__What needs to be done__:
Without including any picture, copy the entries that follow word for word.

(Data to process Opens)

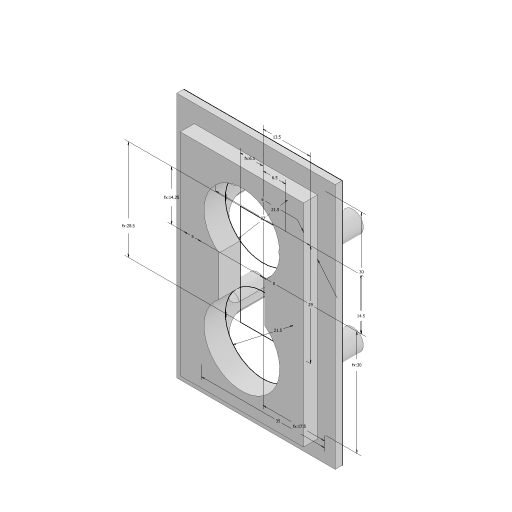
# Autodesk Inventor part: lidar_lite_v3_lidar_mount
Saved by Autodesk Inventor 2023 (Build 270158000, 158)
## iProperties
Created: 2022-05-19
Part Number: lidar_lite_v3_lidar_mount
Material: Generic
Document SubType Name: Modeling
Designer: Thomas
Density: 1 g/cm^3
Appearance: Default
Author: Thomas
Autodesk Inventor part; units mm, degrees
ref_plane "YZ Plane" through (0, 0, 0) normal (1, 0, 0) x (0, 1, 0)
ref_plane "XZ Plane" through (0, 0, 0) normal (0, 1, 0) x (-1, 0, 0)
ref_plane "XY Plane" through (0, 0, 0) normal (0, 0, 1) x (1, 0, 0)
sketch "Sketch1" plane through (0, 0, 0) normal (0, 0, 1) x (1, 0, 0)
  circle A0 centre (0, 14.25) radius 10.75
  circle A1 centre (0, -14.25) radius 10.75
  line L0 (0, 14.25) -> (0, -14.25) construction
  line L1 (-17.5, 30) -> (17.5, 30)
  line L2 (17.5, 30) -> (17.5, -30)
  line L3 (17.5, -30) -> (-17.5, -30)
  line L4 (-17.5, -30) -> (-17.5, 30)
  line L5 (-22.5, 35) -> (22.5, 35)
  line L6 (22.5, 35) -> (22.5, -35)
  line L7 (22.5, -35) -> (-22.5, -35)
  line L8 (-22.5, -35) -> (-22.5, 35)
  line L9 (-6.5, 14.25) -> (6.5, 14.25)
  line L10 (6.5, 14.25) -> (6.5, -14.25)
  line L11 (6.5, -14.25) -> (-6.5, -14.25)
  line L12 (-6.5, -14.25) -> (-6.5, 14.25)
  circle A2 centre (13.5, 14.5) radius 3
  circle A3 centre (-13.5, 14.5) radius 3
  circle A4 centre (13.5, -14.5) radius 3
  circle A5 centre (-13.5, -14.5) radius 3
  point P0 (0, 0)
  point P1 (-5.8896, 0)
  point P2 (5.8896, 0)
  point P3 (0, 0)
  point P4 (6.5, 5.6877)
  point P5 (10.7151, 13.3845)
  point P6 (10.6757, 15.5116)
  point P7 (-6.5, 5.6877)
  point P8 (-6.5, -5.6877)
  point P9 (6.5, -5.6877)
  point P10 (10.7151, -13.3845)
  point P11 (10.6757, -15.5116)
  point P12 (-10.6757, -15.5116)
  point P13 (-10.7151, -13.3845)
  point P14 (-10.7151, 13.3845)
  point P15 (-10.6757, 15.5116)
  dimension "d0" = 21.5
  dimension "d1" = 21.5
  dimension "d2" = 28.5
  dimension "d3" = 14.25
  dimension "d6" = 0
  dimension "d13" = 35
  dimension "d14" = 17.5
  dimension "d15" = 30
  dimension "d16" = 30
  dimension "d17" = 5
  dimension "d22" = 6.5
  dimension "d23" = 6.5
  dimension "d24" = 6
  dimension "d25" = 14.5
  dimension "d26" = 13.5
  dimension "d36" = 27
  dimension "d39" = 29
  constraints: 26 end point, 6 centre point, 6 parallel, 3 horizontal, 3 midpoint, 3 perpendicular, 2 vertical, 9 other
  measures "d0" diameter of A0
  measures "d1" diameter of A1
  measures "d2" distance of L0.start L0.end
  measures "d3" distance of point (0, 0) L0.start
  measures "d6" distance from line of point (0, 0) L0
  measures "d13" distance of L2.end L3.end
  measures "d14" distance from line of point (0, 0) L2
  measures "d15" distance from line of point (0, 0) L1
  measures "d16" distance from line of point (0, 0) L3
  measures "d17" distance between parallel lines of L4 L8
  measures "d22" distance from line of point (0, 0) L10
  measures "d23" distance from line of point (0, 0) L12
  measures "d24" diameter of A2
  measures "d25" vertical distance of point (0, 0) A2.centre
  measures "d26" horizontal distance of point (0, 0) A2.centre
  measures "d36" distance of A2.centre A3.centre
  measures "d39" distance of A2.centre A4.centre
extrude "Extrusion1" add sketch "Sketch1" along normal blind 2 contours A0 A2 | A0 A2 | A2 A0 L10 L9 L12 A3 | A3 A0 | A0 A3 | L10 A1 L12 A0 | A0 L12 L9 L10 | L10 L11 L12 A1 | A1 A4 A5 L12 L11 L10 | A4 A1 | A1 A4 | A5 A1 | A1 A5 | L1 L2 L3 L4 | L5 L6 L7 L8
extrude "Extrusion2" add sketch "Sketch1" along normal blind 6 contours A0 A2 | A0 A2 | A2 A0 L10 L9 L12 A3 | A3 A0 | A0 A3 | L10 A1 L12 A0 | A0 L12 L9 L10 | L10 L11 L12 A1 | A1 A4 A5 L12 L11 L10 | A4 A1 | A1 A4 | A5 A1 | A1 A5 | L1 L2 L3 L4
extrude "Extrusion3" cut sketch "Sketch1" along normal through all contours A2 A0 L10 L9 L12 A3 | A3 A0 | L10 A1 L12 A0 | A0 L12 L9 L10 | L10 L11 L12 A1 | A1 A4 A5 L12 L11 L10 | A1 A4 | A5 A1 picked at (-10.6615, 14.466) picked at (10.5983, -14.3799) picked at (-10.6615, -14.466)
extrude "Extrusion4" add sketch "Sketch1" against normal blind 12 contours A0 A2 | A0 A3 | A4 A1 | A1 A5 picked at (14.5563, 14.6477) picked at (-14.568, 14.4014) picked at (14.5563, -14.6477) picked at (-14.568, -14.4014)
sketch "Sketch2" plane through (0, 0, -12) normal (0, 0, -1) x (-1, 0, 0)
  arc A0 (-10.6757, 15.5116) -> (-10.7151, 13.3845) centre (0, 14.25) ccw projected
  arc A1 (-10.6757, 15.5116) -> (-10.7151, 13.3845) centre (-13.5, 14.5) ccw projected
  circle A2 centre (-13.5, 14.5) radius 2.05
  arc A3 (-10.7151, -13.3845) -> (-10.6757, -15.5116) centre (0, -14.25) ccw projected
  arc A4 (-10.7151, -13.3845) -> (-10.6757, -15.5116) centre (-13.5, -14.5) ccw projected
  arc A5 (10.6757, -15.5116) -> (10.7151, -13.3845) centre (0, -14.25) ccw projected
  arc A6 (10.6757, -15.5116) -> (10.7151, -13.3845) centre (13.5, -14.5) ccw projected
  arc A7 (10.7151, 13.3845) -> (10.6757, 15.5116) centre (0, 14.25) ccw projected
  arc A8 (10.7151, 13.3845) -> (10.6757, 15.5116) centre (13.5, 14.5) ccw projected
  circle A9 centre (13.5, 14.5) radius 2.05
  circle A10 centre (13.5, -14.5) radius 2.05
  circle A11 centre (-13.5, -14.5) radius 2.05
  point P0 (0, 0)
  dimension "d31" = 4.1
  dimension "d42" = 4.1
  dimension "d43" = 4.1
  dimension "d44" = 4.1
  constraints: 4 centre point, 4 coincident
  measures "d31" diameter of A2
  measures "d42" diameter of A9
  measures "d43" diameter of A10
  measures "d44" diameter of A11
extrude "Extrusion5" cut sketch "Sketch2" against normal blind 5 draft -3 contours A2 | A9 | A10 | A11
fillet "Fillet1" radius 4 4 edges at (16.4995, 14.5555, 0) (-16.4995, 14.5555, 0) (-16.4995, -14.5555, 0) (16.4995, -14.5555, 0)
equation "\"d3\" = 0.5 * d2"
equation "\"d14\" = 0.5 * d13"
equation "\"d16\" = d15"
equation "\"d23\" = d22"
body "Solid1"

(Data to process Closes)

__Solution__:
# Autodesk Inventor part: lidar_lite_v3_lidar_mount
Saved by Autodesk Inventor 2023 (Build 270158000, 158)
## iProperties
Created: 2022-05-19
Part Number: lidar_lite_v3_lidar_mount
Material: Generic
Document SubType Name: Modeling
Designer: Thomas
Density: 1 g/cm^3
Appearance: Default
Author: Thomas
Autodesk Inventor part; units mm, degrees
ref_plane "YZ Plane" through (0, 0, 0) normal (1, 0, 0) x (0, 1, 0)
ref_plane "XZ Plane" through (0, 0, 0) normal (0, 1, 0) x (-1, 0, 0)
ref_plane "XY Plane" through (0, 0, 0) normal (0, 0, 1) x (1, 0, 0)
sketch "Sketch1" plane through (0, 0, 0) normal (0, 0, 1) x (1, 0, 0)
  circle A0 centre (0, 14.25) radius 10.75
  circle A1 centre (0, -14.25) radius 10.75
  line L0 (0, 14.25) -> (0, -14.25) construction
  line L1 (-17.5, 30) -> (17.5, 30)
  line L2 (17.5, 30) -> (17.5, -30)
  line L3 (17.5, -30) -> (-17.5, -30)
  line L4 (-17.5, -30) -> (-17.5, 30)
  line L5 (-22.5, 35) -> (22.5, 35)
  line L6 (22.5, 35) -> (22.5, -35)
  line L7 (22.5, -35) -> (-22.5, -35)
  line L8 (-22.5, -35) -> (-22.5, 35)
  line L9 (-6.5, 14.25) -> (6.5, 14.25)
  line L10 (6.5, 14.25) -> (6.5, -14.25)
  line L11 (6.5, -14.25) -> (-6.5, -14.25)
  line L12 (-6.5, -14.25) -> (-6.5, 14.25)
  circle A2 centre (13.5, 14.5) radius 3
  circle A3 centre (-13.5, 14.5) radius 3
  circle A4 centre (13.5, -14.5) radius 3
  circle A5 centre (-13.5, -14.5) radius 3
  point P0 (0, 0)
  point P1 (-5.8896, 0)
  point P2 (5.8896, 0)
  point P3 (0, 0)
  point P4 (6.5, 5.6877)
  point P5 (10.7151, 13.3845)
  point P6 (10.6757, 15.5116)
  point P7 (-6.5, 5.6877)
  point P8 (-6.5, -5.6877)
  point P9 (6.5, -5.6877)
  point P10 (10.7151, -13.3845)
  point P11 (10.6757, -15.5116)
  point P12 (-10.6757, -15.5116)
  point P13 (-10.7151, -13.3845)
  point P14 (-10.7151, 13.3845)
  point P15 (-10.6757, 15.5116)
  dimension "d0" = 21.5
  dimension "d1" = 21.5
  dimension "d2" = 28.5
  dimension "d3" = 14.25
  dimension "d6" = 0
  dimension "d13" = 35
  dimension "d14" = 17.5
  dimension "d15" = 30
  dimension "d16" = 30
  dimension "d17" = 5
  dimension "d22" = 6.5
  dimension "d23" = 6.5
  dimension "d24" = 6
  dimension "d25" = 14.5
  dimension "d26" = 13.5
  dimension "d36" = 27
  dimension "d39" = 29
  constraints: 26 end point, 6 centre point, 6 parallel, 3 horizontal, 3 midpoint, 3 perpendicular, 2 vertical, 9 other
  measures "d0" diameter of A0
  measures "d1" diameter of A1
  measures "d2" distance of L0.start L0.end
  measures "d3" distance of point (0, 0) L0.start
  measures "d6" distance from line of point (0, 0) L0
  measures "d13" distance of L2.end L3.end
  measures "d14" distance from line of point (0, 0) L2
  measures "d15" distance from line of point (0, 0) L1
  measures "d16" distance from line of point (0, 0) L3
  measures "d17" distance between parallel lines of L4 L8
  measures "d22" distance from line of point (0, 0) L10
  measures "d23" distance from line of point (0, 0) L12
  measures "d24" diameter of A2
  measures "d25" vertical distance of point (0, 0) A2.centre
  measures "d26" horizontal distance of point (0, 0) A2.centre
  measures "d36" distance of A2.centre A3.centre
  measures "d39" distance of A2.centre A4.centre
extrude "Extrusion1" add sketch "Sketch1" along normal blind 2 contours A0 A2 | A0 A2 | A2 A0 L10 L9 L12 A3 | A3 A0 | A0 A3 | L10 A1 L12 A0 | A0 L12 L9 L10 | L10 L11 L12 A1 | A1 A4 A5 L12 L11 L10 | A4 A1 | A1 A4 | A5 A1 | A1 A5 | L1 L2 L3 L4 | L5 L6 L7 L8
extrude "Extrusion2" add sketch "Sketch1" along normal blind 6 contours A0 A2 | A0 A2 | A2 A0 L10 L9 L12 A3 | A3 A0 | A0 A3 | L10 A1 L12 A0 | A0 L12 L9 L10 | L10 L11 L12 A1 | A1 A4 A5 L12 L11 L10 | A4 A1 | A1 A4 | A5 A1 | A1 A5 | L1 L2 L3 L4
extrude "Extrusion3" cut sketch "Sketch1" along normal through all contours A2 A0 L10 L9 L12 A3 | A3 A0 | L10 A1 L12 A0 | A0 L12 L9 L10 | L10 L11 L12 A1 | A1 A4 A5 L12 L11 L10 | A1 A4 | A5 A1 picked at (-10.6615, 14.466) picked at (10.5983, -14.3799) picked at (-10.6615, -14.466)
extrude "Extrusion4" add sketch "Sketch1" against normal blind 12 contours A0 A2 | A0 A3 | A4 A1 | A1 A5 picked at (14.5563, 14.6477) picked at (-14.568, 14.4014) picked at (14.5563, -14.6477) picked at (-14.568, -14.4014)
sketch "Sketch2" plane through (0, 0, -12) normal (0, 0, -1) x (-1, 0, 0)
  arc A0 (-10.6757, 15.5116) -> (-10.7151, 13.3845) centre (0, 14.25) ccw projected
  arc A1 (-10.6757, 15.5116) -> (-10.7151, 13.3845) centre (-13.5, 14.5) ccw projected
  circle A2 centre (-13.5, 14.5) radius 2.05
  arc A3 (-10.7151, -13.3845) -> (-10.6757, -15.5116) centre (0, -14.25) ccw projected
  arc A4 (-10.7151, -13.3845) -> (-10.6757, -15.5116) centre (-13.5, -14.5) ccw projected
  arc A5 (10.6757, -15.5116) -> (10.7151, -13.3845) centre (0, -14.25) ccw projected
  arc A6 (10.6757, -15.5116) -> (10.7151, -13.3845) centre (13.5, -14.5) ccw projected
  arc A7 (10.7151, 13.3845) -> (10.6757, 15.5116) centre (0, 14.25) ccw projected
  arc A8 (10.7151, 13.3845) -> (10.6757, 15.5116) centre (13.5, 14.5) ccw projected
  circle A9 centre (13.5, 14.5) radius 2.05
  circle A10 centre (13.5, -14.5) radius 2.05
  circle A11 centre (-13.5, -14.5) radius 2.05
  point P0 (0, 0)
  dimension "d31" = 4.1
  dimension "d42" = 4.1
  dimension "d43" = 4.1
  dimension "d44" = 4.1
  constraints: 4 centre point, 4 coincident
  measures "d31" diameter of A2
  measures "d42" diameter of A9
  measures "d43" diameter of A10
  measures "d44" diameter of A11
extrude "Extrusion5" cut sketch "Sketch2" against normal blind 5 draft -3 contours A2 | A9 | A10 | A11
fillet "Fillet1" radius 4 4 edges at (16.4995, 14.5555, 0) (-16.4995, 14.5555, 0) (-16.4995, -14.5555, 0) (16.4995, -14.5555, 0)
equation "\"d3\" = 0.5 * d2"
equation "\"d14\" = 0.5 * d13"
equation "\"d16\" = d15"
equation "\"d23\" = d22"
body "Solid1"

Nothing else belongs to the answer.